### TASK DETAILS:
Go through the records and report each line in which the word "ezdxf" occurs.

***** RECORDS FOR THIS EXERCISE *****

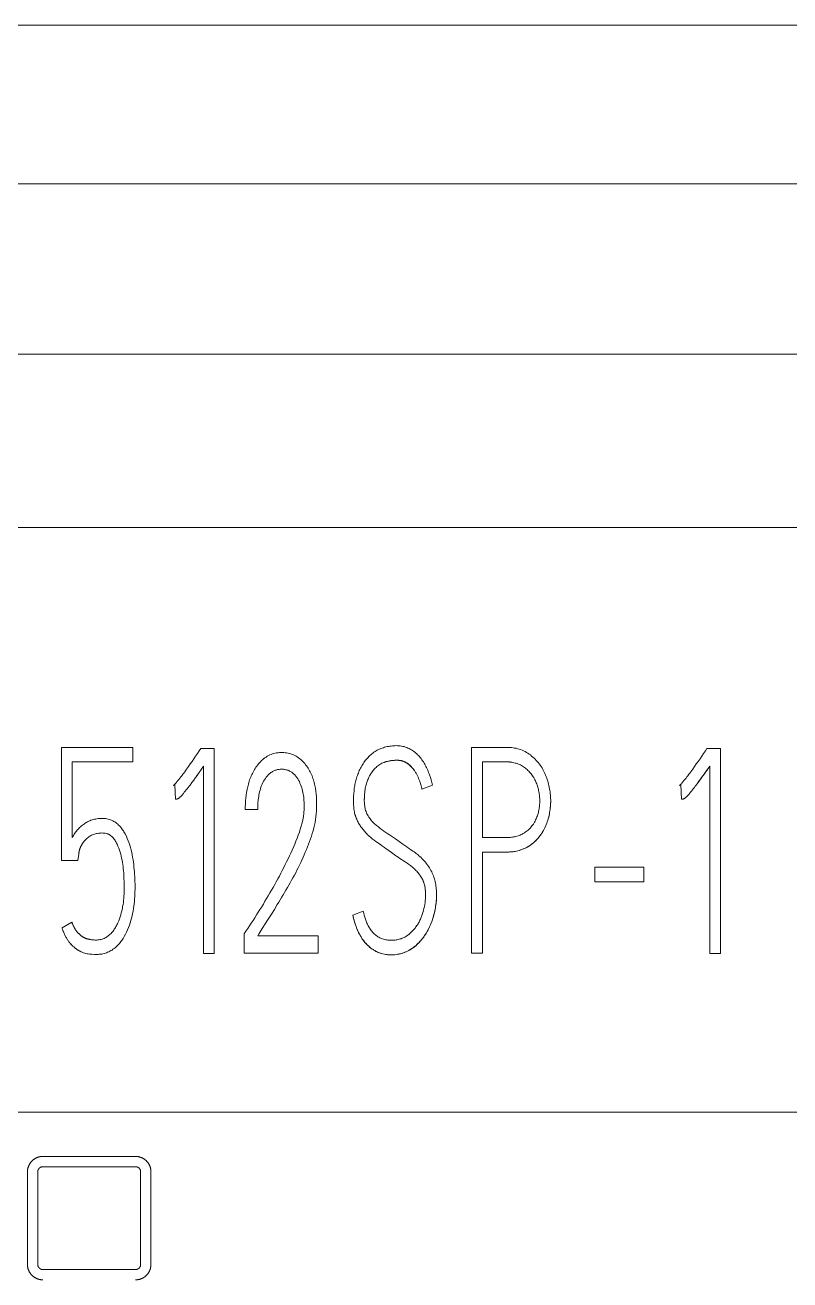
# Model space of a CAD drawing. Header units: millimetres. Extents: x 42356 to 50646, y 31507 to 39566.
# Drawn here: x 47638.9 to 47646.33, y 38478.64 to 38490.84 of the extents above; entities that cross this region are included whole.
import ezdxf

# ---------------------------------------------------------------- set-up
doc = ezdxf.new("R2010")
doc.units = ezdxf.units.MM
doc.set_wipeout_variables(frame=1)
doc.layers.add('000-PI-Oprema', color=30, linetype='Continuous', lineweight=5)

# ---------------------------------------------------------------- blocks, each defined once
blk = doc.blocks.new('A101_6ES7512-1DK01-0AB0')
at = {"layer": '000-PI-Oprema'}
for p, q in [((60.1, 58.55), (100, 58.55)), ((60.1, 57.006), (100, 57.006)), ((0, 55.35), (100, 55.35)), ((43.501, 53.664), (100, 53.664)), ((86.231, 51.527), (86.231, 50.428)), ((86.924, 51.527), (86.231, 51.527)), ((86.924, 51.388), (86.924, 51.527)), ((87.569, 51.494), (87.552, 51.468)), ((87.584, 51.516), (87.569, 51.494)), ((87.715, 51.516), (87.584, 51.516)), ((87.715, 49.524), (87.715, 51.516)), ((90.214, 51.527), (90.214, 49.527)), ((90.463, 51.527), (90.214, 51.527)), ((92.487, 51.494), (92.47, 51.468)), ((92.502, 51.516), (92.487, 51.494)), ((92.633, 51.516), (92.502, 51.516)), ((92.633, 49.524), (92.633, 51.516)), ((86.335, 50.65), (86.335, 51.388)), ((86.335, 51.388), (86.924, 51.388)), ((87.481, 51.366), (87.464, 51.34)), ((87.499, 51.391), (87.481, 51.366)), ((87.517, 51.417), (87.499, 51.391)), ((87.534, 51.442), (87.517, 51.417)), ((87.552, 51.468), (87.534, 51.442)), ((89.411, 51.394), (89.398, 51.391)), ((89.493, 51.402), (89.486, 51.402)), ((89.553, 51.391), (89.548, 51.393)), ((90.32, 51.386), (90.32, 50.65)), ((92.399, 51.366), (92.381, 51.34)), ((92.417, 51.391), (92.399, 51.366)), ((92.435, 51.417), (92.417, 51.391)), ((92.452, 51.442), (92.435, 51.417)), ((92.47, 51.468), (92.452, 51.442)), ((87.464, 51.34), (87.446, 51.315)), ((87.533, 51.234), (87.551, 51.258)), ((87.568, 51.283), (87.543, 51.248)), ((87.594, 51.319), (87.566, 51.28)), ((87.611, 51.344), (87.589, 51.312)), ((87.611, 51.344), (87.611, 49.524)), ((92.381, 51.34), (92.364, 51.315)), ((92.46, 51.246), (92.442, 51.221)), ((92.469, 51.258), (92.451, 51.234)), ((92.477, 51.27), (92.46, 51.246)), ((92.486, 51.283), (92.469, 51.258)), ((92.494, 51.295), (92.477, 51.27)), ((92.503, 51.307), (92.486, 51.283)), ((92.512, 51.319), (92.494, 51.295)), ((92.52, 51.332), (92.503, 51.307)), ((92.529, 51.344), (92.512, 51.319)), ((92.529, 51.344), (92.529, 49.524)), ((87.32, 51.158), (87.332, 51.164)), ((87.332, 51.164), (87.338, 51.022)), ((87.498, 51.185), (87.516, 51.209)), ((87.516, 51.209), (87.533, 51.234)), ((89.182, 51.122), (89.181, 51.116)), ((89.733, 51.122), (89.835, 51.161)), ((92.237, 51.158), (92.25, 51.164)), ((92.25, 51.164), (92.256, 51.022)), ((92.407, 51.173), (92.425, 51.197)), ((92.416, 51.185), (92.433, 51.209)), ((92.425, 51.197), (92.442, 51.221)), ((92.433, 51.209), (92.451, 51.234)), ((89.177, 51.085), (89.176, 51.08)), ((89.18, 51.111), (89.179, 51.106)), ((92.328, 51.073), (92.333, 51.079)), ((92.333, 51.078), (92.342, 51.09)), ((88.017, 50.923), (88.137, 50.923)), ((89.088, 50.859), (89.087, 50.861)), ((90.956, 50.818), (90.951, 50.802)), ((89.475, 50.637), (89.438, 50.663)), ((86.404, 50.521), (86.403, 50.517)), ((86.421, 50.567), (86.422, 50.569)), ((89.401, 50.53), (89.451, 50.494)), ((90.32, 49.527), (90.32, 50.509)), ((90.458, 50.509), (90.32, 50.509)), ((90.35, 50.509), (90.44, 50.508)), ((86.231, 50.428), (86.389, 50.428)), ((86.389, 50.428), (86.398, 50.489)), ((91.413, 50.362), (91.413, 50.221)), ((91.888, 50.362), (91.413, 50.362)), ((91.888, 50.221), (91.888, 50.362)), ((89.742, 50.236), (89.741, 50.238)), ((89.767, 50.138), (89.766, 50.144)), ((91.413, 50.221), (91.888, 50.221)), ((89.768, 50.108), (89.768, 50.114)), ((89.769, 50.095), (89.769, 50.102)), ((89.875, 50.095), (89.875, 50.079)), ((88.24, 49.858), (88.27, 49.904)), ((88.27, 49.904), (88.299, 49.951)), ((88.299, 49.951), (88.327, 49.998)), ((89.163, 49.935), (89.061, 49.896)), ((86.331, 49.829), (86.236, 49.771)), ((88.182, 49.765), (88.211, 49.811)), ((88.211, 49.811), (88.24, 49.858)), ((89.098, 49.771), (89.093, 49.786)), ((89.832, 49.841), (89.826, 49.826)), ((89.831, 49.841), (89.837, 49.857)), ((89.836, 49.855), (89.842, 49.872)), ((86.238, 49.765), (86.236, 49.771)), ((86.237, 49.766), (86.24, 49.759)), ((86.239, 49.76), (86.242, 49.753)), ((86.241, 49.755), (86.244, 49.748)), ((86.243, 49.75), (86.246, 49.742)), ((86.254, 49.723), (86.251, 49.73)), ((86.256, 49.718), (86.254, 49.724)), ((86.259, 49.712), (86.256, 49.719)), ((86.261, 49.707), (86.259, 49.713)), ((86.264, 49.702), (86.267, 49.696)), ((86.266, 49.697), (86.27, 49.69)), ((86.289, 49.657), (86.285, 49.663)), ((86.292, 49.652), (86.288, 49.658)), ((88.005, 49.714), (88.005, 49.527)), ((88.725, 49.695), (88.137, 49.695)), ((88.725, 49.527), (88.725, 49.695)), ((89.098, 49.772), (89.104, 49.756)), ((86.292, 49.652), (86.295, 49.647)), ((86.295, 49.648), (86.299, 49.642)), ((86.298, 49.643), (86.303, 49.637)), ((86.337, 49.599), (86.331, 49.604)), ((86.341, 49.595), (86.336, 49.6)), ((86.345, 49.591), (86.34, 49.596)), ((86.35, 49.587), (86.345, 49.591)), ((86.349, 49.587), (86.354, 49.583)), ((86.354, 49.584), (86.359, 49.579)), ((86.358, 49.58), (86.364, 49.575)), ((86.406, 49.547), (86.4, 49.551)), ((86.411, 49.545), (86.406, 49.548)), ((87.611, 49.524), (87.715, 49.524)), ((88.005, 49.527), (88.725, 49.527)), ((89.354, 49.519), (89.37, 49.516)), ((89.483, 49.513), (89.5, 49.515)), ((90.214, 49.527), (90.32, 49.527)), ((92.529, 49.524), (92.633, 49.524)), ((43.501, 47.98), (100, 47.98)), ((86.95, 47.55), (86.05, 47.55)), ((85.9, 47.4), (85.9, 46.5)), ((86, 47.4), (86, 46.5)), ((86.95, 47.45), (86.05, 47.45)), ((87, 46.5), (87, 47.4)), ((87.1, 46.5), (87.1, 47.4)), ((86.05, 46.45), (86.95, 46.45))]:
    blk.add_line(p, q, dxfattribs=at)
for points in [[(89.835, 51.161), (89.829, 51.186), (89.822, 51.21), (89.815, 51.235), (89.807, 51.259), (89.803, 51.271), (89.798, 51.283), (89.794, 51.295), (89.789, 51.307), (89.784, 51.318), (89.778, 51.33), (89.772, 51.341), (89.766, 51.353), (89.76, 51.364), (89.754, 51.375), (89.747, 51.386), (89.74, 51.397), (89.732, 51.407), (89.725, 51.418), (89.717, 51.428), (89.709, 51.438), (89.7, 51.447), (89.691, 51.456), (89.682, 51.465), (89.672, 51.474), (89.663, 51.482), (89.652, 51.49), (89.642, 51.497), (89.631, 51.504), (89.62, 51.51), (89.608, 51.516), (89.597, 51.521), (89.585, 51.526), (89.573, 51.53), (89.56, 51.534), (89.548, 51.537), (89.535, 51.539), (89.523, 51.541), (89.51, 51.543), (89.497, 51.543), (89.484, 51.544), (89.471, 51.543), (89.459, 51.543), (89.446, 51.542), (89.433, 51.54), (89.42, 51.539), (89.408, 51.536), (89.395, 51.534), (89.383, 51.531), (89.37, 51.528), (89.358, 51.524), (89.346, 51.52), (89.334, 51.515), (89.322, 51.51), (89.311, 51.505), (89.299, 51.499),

*****

### ANSWER BOX:
import ezdxf
doc = ezdxf.new("R2010")
doc.units = ezdxf.units.MM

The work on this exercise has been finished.